Exercise materials -
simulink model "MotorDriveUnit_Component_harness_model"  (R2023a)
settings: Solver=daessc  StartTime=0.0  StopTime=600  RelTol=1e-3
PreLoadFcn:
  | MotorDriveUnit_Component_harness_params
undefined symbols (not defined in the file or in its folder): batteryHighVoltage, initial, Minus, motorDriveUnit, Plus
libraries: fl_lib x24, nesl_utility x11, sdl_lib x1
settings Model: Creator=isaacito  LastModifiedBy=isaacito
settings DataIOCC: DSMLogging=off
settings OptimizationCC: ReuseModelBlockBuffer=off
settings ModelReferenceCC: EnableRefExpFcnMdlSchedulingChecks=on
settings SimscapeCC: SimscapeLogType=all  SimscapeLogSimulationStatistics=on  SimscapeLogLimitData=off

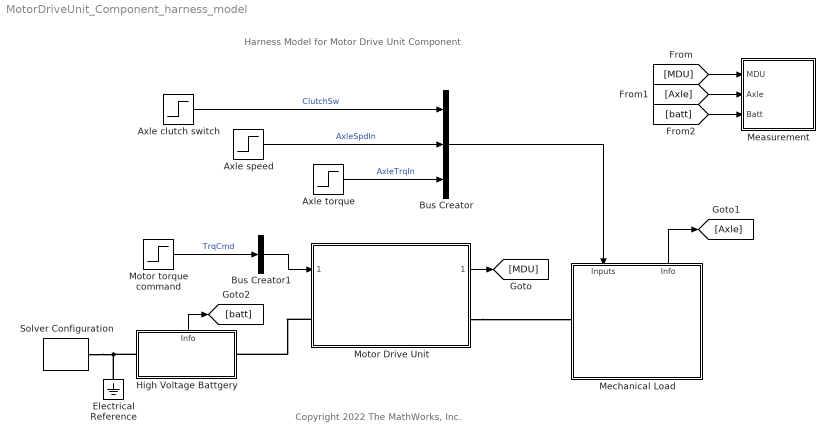
== system MotorDriveUnit_Component_harness_model ==
  note: Harness Model for Motor Drive Unit Component
  note: Copyright 2022 The MathWorks, Inc.
  Axle clutch switch : Step  After=0  SampleTime=0
      settings: AttributesFormatString=|
      | Before %<Before>
      | Time %<Time>
      | After %<After>
  Axle speed : Step  After=0  SampleTime=0
      settings: AttributesFormatString=|
      | Before %<Before>
      | Time %<Time>
      | After %<After>
  Axle torque : Step  Time=400  Before=-10  After=0  SampleTime=0
      settings: AttributesFormatString=|
      | Before %<Before>
      | Time %<Time>
      | After %<After>
  Bus Creator : BusCreator  Inputs=3
  Bus Creator1 : BusCreator  Inputs=1
  Electrical Reference : fl_lib/Electrical/Electrical Elements/Electrical Reference
  High Voltage Battgery : Subsystem
      settings: PortSchema="{\"entries\":[{\"content\":{\"sides\":[{\"content\":{\"connectorIds\":[\"LConn1\"]},\"type\":\"ConnectorPlacement.EquallySpacedRectSide\",\"uuid\":\"8acd7e9a-bb08-4de6-aa14-0989ebba81b9\"},{\"content\":{\"connectorIds\":[\"RConn1\"],\"side\":\"RIGHT\"},\"type\":\"ConnectorPlacement.EquallySpacedRectSide\",\"uuid\":\"f80e1afc-966f-4d6b-84f9-f0b60dd6f20c\"},{\"content\":{\"connectorIds\":[\"Out1\"],\"side\":\"TOP\"},\"type\":\"ConnectorPlacement.EquallySpacedRectSide\",\"uuid\":\"52ccb2b1-bd5e-4dcb-b9b6-0ef03b912c33\"}]},\"type\":\"ConnectorPlacement.EquallySpacedConnector\",\"uuid\":\"b55f48a4-f283-4a77-8513-99b31abb285a\"}],\"packageUris\":[\"http://schema.mathworks.com/mf0/Connector/R2020b\"],\"version\":\"1.0\"}"
  Measurement : Subsystem
  Mechanical Load : Subsystem
      settings: PortSchema="{\"entries\":[{\"content\":{\"sides\":[{\"content\":{\"connectorIds\":[\"LConn1\"]},\"type\":\"ConnectorPlacement.EquallySpacedRectSide\",\"uuid\":\"18221845-08ef-4cf2-b090-320221152030\"},{\"content\":{\"connectorIds\":[],\"side\":\"RIGHT\"},\"type\":\"ConnectorPlacement.EquallySpacedRectSide\",\"uuid\":\"d5b0548b-74c8-455a-9783-7dc299f3571f\"},{\"content\":{\"connectorIds\":[\"In1\",\"Out1\"],\"side\":\"TOP\"},\"type\":\"ConnectorPlacement.EquallySpacedRectSide\",\"uuid\":\"542d8e55-6d7f-4c9a-9fdc-66897ed9f466\"}]},\"type\":\"ConnectorPlacement.EquallySpacedConnector\",\"uuid\":\"3cd4c536-0337-4305-a842-969bfb1fefe3\"}],\"packageUris\":[\"http://schema.mathworks.com/mf0/Connector/R2020b\"],\"version\":\"1.0\"}"
  Motor Drive Unit : Subsystem  ReferencedSubsystem=MotorDriveUnit_refsub_Basic  torque_max=motorDriveUnit.trqMax_Nm  Value=motorDriveUnit.powerMax_kW  Tc=motorDriveUnit.responseTime_s  eff=motorDriveUnit.efficiency_pct  w_eff=motorDriveUnit.spd_eff_rpm  T_eff=motorDriveUnit.trq_eff_Nm  thermal_mass=motorDriveUnit.thermalMass_J_perK  temperature=initial.MDU_Temperature_K  k=motorDriveUnit.dampSpringStiffness_Nm_per_rad  mu_visc=motorDriveUnit.dampSpringFriction_Nm_per_rpm  w_tol=smoothing.MDU_dampSpringVelTol_rpm  T=initial.MDU_AirTemp_K
      settings: PortSchema="{\"entries\":[{\"content\":{\"sides\":[{\"content\":{\"connectorIds\":[\"In1\",\"LConn1\"]},\"type\":\"ConnectorPlacement.EquallySpacedRectSide\",\"uuid\":\"02d16a10-ccfb-4288-a5a1-1144159c5ca2\"},{\"content\":{\"connectorIds\":[\"Out1\",\"LConn2\"],\"side\":\"RIGHT\"},\"type\":\"ConnectorPlacement.EquallySpacedRectSide\",\"uuid\":\"b2601986-efe5-4f5e-bd54-3f5cb03e9252\"},{\"content\":{\"side\":\"TOP\"},\"type\":\"ConnectorPlacement.EquallySpacedRectSide\",\"uuid\":\"248805f0-4416-4f49-8b0b-c2d3fe77e89e\"}]},\"type\":\"ConnectorPlacement.EquallySpacedConnector\",\"uuid\":\"35449164-35fe-478e-9b2e-66e853caa6da\"}],\"packageUris\":[\"http://schema.mathworks.com/mf0/Connector/R2020b\"],\"version\":\"1.0\"}"
  Motor torque command : Step  Time=300  Before=150  After=-50  SampleTime=0
      settings: AttributesFormatString=|
      | Before %<Before>
      | Time %<Time>
      | After %<After>
  Solver Configuration : nesl_utility/Solver Configuration  PhysicalDomain=network_engine_domain  SubClassName=solver  LeftPortType=input  RightPortType=generic  Tones=[]  Harmonics=[]  SimulateNoise=off  Profile=off  UseLocalSampling=off  EnableSwitchedLinearOptims=on  FrequencyDomain=off  UseCCode=off  RelTol=0.001  AbsTol=1e-06  MinStep=1e-09  ToWorkspace=off  RevertToSquareIcSolve=off  NumHomotopyIterations=100  PhasorMode=off  PhasorModeNumHarmonics=1  ConsistencySolver=NEWTON_FTOL  IndexReductionMethod=DerivativeReplacement  DoDC=off  ResidualTolerance=1e-09  ConsistencyTolSource=GLOBAL  ConsistencyAbsTol=0.001  ConsistencyRelTol=0.001  ConsistencyTolFactor=0.001  UseLocalSolver=off  LocalSolverChoice=NE_BACKWARD_EULER_ADVANCER  ResolveIndetEquations=on  FunctionEvalNumThread=1  LocalSolverSampleTime=0.001  DoFixedCost=off  MaxNonlinIter=3  MaxModeIter=2  ComputeImpulses=off  ImpulseIterations=2  LinearAlgebra=auto  LinearAlgebraNumThread=0  EquationFormulation=NE_TIME_EF  DelaysMemoryBudget=1024  AutomaticFiltering=on  FilteringTimeConstant=0.001  PartitionStorageMethod=AS_NEEDED  PartitionMemoryBudget=1024  PartitionMethod=ROBUST
      settings: AttributesFormatString=Local solver %<UseLocalSolver>
  wires:
  Axle speed/1 -> Bus Creator/2  "AxleSpdIn"
  Axle torque/1 -> Bus Creator/3  "AxleTrqIn"
  Motor Drive Unit/1 -> [MDU]
  [MDU] -> Measurement/1(MDU)
  Motor torque command/1 -> Bus Creator1/1  "TrqCmd"
  Bus Creator1/1 -> Motor Drive Unit/1
  [Axle] -> Measurement/2(Axle)
  High Voltage Battgery/1(Info) -> [batt]
  [batt] -> Measurement/3(Batt)
  Bus Creator/1 -> Mechanical Load/1(Inputs)
  Mechanical Load/1(Info) -> [Axle]
  Axle clutch switch/1 -> Bus Creator/1  "ClutchSw"
  connections:
  Motor Drive Unit/LConn1 -- High Voltage Battgery/RConn1
  Electrical Reference/LConn1 -- High Voltage Battgery/LConn1 -- Solver Configuration/RConn1
  Motor Drive Unit/LConn2 -- Mechanical Load/LConn1

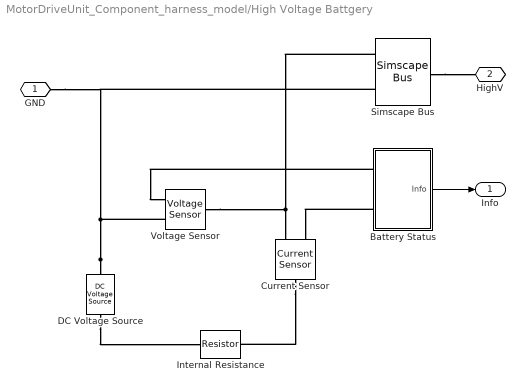
== system MotorDriveUnit_Component_harness_model/High Voltage Battgery ==
  Battery Status : Subsystem
  Current Sensor : fl_lib/Electrical/Electrical Sensors/Current Sensor
  DC Voltage Source : fl_lib/Electrical/Electrical Sources/DC Voltage Source  v0=batteryHighVoltage.voltage_V V
      settings: AttributesFormatString=%<v0> [%<v0_unit>]
  Internal Resistance : fl_lib/Electrical/Electrical Elements/Resistor  R=batteryHighVoltage.internal_R_Ohm Ohm  i_specify=off  i_priority=High  i=0 A  i_nominal_specify=off  i_nominal_unit=A  i_nominal_value=1  v_specify=off  v_priority=High  v=0 V  v_nominal_specify=off  v_nominal_unit=V  v_nominal_value=1
      settings: AttributesFormatString=%<R> [%<R_unit>]
  Simscape Bus : SimscapeBus  HierarchyStrings=Plus;Minus  ConnectionType=Bus: Bus_HighVoltage
      settings: AttributesFormatString=%<ConnectionType>
  Voltage Sensor : fl_lib/Electrical/Electrical Sensors/Voltage Sensor
  GND : PMIOPort  Side=Left
  HighV : PMIOPort  Port=2  Side=Right
  Info : Outport
  wires:
  Battery Status/1(Info) -> Info/1
  connections:
  DC Voltage Source/RConn1 -- Simscape Bus/LConn2 -- GND/RConn1 -- Voltage Sensor/RConn2
  Simscape Bus/LConn1 -- Voltage Sensor/LConn1 -- Current Sensor/RConn2
  Battery Status/LConn2 -- Current Sensor/RConn1
  Simscape Bus/RConn1 -- HighV/RConn1
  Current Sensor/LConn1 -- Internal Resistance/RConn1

Directions for this task - Taking the entries from their first line through the line with "libraries: fl_lib x24, nesl_utility", inclusive, restate each line word for word and give nothing else.

Solution for this task -
simulink model "MotorDriveUnit_Component_harness_model"  (R2023a)
settings: Solver=daessc  StartTime=0.0  StopTime=600  RelTol=1e-3
PreLoadFcn:
  | MotorDriveUnit_Component_harness_params
undefined symbols (not defined in the file or in its folder): batteryHighVoltage, initial, Minus, motorDriveUnit, Plus
libraries: fl_lib x24, nesl_utility x11, sdl_lib x1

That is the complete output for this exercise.